Aim of the exercise:
Your answer should consist only of the lines from the line containing "msp.add_line(p, q, dxfattribs=at)" through the last line below, each repeated exactly.

**** Source records

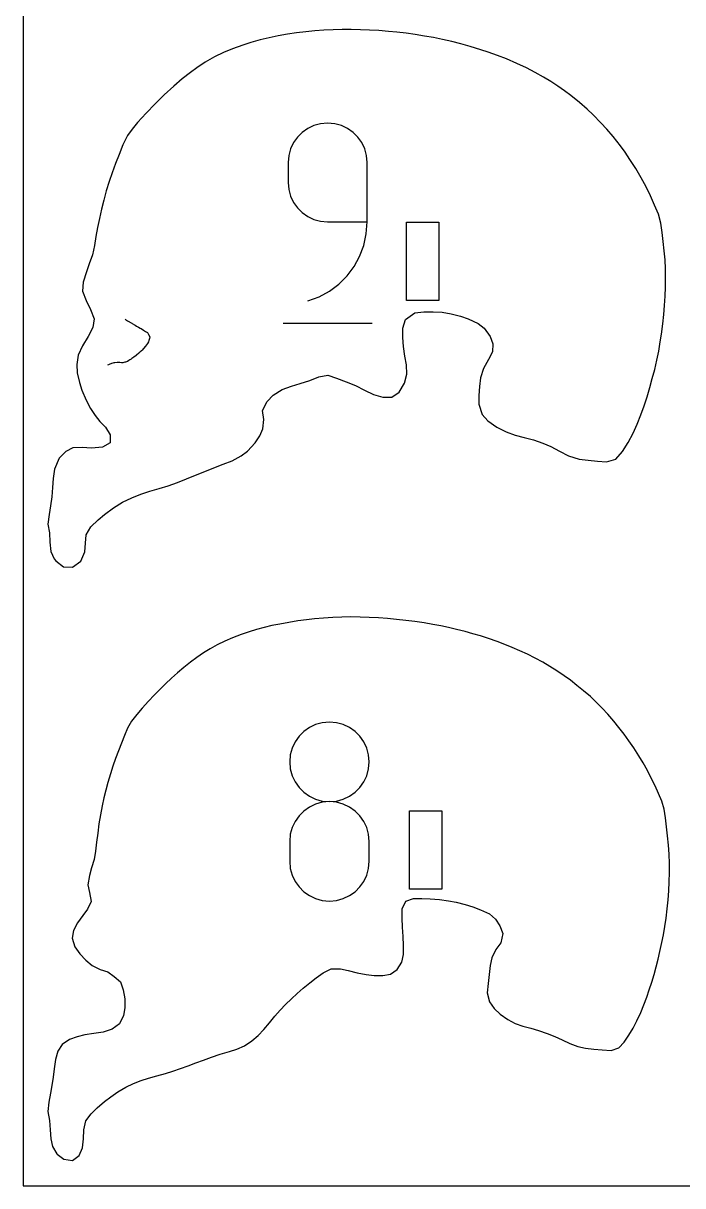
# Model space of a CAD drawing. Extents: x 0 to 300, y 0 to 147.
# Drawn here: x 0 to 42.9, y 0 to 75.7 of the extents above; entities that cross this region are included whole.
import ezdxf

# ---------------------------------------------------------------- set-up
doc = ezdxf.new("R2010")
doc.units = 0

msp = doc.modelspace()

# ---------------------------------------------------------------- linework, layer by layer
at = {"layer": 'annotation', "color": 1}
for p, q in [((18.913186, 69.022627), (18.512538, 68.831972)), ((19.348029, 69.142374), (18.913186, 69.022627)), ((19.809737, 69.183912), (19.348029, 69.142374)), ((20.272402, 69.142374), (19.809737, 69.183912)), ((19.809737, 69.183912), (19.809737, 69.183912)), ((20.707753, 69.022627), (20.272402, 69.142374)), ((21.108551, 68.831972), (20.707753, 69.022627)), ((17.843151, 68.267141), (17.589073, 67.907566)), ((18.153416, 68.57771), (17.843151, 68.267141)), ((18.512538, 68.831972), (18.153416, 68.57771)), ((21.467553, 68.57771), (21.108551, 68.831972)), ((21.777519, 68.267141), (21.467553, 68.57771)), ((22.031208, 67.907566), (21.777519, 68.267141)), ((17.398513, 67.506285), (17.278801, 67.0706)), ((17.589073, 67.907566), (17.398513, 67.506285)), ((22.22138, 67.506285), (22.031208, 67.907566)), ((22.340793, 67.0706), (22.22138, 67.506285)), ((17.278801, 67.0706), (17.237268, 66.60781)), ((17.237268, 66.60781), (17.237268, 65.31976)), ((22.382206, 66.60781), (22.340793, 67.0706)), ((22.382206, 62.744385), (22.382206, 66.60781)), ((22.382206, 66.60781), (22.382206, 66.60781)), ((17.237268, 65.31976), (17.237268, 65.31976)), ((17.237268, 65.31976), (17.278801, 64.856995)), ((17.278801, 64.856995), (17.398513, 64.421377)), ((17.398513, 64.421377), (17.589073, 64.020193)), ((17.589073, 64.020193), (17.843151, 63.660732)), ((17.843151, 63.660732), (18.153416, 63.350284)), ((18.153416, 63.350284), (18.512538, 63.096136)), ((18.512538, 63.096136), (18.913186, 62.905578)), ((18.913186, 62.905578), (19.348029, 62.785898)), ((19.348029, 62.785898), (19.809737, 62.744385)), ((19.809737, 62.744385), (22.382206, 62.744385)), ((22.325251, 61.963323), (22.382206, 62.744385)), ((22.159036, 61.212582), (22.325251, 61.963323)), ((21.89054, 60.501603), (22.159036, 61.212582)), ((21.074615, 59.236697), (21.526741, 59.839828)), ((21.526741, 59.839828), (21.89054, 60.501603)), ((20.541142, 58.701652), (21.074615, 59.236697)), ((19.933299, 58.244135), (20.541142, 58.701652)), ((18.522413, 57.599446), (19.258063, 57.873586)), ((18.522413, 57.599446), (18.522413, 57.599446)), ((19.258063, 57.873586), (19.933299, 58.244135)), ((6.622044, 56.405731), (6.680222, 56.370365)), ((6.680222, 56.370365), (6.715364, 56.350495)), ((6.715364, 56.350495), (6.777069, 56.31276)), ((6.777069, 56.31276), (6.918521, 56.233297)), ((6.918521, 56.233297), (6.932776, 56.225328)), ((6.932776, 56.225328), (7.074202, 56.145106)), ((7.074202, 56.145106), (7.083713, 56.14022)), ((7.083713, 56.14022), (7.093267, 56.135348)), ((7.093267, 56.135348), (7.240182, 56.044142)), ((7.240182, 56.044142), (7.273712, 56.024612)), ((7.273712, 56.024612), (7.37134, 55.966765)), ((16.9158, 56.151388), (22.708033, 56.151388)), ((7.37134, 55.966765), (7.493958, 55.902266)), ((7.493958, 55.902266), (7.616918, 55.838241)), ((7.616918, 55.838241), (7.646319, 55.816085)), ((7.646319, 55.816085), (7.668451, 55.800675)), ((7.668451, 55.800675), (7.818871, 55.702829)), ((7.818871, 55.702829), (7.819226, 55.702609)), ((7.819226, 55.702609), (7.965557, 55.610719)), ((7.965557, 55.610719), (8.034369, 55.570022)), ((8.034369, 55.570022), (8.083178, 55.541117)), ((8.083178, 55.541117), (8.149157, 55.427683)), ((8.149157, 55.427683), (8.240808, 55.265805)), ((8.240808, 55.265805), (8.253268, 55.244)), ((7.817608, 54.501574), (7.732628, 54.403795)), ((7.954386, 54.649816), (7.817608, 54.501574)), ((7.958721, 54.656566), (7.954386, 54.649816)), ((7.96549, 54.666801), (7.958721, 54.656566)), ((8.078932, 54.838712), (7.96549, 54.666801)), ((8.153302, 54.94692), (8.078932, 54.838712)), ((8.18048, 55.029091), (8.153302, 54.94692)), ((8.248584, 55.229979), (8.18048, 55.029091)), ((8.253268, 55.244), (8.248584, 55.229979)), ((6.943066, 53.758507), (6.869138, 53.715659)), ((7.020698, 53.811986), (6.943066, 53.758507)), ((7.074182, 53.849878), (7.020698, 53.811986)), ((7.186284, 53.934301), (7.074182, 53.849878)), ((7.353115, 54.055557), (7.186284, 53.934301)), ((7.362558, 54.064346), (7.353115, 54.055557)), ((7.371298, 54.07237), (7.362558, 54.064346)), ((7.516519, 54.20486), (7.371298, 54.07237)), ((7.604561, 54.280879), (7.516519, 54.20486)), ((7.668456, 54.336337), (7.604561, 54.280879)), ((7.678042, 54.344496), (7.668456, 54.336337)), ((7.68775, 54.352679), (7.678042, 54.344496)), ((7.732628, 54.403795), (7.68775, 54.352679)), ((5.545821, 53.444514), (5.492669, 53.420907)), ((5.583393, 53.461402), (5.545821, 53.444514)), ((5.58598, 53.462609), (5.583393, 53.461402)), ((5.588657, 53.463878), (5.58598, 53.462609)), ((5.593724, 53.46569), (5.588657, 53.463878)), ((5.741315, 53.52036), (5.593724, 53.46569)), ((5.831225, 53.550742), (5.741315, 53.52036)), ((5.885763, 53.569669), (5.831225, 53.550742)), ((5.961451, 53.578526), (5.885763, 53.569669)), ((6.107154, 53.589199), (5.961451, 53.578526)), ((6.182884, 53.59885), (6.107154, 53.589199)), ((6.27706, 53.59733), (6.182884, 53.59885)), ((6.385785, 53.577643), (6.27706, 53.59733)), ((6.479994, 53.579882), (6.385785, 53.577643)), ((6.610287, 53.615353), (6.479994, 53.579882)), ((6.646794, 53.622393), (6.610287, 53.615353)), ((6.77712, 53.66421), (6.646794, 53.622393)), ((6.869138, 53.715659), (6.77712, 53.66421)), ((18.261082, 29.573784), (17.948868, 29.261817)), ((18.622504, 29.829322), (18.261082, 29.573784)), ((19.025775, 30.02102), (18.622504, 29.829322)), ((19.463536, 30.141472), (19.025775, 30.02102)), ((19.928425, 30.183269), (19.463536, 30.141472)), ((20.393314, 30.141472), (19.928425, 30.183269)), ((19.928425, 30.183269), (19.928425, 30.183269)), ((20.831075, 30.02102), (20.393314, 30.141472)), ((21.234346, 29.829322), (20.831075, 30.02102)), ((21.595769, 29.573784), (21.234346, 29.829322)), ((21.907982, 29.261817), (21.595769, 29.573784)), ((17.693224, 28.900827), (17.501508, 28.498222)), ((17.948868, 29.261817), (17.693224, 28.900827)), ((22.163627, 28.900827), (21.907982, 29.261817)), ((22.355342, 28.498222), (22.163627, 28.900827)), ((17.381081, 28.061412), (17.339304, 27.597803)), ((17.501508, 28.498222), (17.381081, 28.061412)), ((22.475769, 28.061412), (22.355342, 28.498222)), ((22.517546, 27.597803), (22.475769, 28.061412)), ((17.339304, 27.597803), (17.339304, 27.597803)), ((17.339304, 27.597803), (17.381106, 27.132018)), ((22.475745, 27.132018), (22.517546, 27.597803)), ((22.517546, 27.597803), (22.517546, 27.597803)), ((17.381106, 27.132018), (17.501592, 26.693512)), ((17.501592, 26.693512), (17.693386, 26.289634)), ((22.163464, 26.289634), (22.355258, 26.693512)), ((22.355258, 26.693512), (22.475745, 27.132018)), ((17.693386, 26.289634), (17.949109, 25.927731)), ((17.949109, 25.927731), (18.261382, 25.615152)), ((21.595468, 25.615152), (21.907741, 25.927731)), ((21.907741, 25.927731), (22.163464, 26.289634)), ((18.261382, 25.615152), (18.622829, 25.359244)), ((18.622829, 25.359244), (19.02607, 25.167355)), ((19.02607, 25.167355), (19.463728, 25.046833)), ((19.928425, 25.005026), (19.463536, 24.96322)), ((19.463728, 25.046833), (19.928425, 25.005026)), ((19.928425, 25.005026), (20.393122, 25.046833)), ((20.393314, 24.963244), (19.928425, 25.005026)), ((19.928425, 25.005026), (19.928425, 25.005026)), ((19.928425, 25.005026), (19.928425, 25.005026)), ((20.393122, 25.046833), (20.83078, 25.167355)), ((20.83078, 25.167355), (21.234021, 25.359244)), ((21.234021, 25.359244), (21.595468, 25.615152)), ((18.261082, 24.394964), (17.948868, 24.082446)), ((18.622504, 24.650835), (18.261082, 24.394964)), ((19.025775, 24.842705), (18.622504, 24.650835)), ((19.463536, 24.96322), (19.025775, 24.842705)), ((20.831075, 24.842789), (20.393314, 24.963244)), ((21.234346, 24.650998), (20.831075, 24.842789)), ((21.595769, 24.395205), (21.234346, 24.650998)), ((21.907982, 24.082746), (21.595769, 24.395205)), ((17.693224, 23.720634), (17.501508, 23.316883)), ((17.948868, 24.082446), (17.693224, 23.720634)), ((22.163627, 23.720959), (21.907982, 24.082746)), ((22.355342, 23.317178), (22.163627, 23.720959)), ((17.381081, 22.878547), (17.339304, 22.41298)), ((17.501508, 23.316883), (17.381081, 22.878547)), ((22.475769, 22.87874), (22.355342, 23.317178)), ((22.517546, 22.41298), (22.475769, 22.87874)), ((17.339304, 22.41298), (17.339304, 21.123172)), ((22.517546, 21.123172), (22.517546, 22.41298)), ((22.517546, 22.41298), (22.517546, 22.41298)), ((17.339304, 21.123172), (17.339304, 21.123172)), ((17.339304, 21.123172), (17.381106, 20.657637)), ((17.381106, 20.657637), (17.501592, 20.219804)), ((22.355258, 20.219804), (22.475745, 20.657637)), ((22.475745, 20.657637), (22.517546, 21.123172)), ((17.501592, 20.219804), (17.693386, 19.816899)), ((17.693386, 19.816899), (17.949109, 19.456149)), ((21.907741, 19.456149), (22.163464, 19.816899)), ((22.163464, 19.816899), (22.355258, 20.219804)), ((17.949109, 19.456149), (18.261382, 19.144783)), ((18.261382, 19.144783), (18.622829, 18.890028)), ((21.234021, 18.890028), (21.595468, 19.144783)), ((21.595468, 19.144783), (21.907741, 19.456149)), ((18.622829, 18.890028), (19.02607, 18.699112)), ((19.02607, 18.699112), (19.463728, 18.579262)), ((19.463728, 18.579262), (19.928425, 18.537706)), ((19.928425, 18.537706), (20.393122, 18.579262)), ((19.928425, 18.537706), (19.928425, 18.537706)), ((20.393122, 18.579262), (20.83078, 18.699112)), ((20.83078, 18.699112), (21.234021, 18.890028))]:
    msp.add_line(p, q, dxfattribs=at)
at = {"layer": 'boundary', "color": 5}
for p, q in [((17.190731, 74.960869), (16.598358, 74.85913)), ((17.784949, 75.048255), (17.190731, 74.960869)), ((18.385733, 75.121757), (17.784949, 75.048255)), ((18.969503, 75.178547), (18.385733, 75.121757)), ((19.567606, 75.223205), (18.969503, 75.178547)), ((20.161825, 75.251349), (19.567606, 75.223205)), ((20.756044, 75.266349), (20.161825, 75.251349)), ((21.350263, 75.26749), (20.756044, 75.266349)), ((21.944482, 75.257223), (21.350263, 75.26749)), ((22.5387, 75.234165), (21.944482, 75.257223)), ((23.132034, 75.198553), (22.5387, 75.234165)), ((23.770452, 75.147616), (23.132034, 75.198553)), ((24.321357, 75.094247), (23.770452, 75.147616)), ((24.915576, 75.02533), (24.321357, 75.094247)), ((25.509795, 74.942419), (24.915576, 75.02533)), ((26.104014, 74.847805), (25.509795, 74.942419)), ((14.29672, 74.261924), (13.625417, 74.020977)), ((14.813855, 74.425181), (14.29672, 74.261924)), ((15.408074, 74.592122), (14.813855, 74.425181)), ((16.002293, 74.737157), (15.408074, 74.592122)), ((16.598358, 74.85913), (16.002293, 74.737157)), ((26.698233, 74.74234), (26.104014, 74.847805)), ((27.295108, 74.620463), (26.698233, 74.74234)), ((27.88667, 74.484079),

********

Response:
    msp.add_line(p, q, dxfattribs=at)
at = {"layer": 'boundary', "color": 5}
for p, q in [((17.190731, 74.960869), (16.598358, 74.85913)), ((17.784949, 75.048255), (17.190731, 74.960869)), ((18.385733, 75.121757), (17.784949, 75.048255)), ((18.969503, 75.178547), (18.385733, 75.121757)), ((19.567606, 75.223205), (18.969503, 75.178547)), ((20.161825, 75.251349), (19.567606, 75.223205)), ((20.756044, 75.266349), (20.161825, 75.251349)), ((21.350263, 75.26749), (20.756044, 75.266349)), ((21.944482, 75.257223), (21.350263, 75.26749)), ((22.5387, 75.234165), (21.944482, 75.257223)), ((23.132034, 75.198553), (22.5387, 75.234165)), ((23.770452, 75.147616), (23.132034, 75.198553)), ((24.321357, 75.094247), (23.770452, 75.147616)), ((24.915576, 75.02533), (24.321357, 75.094247)), ((25.509795, 74.942419), (24.915576, 75.02533)), ((26.104014, 74.847805), (25.509795, 74.942419)), ((14.29672, 74.261924), (13.625417, 74.020977)), ((14.813855, 74.425181), (14.29672, 74.261924)), ((15.408074, 74.592122), (14.813855, 74.425181)), ((16.002293, 74.737157), (15.408074, 74.592122)), ((16.598358, 74.85913), (16.002293, 74.737157)), ((26.698233, 74.74234), (26.104014, 74.847805)), ((27.295108, 74.620463), (26.698233, 74.74234)), ((27.88667, 74.484079),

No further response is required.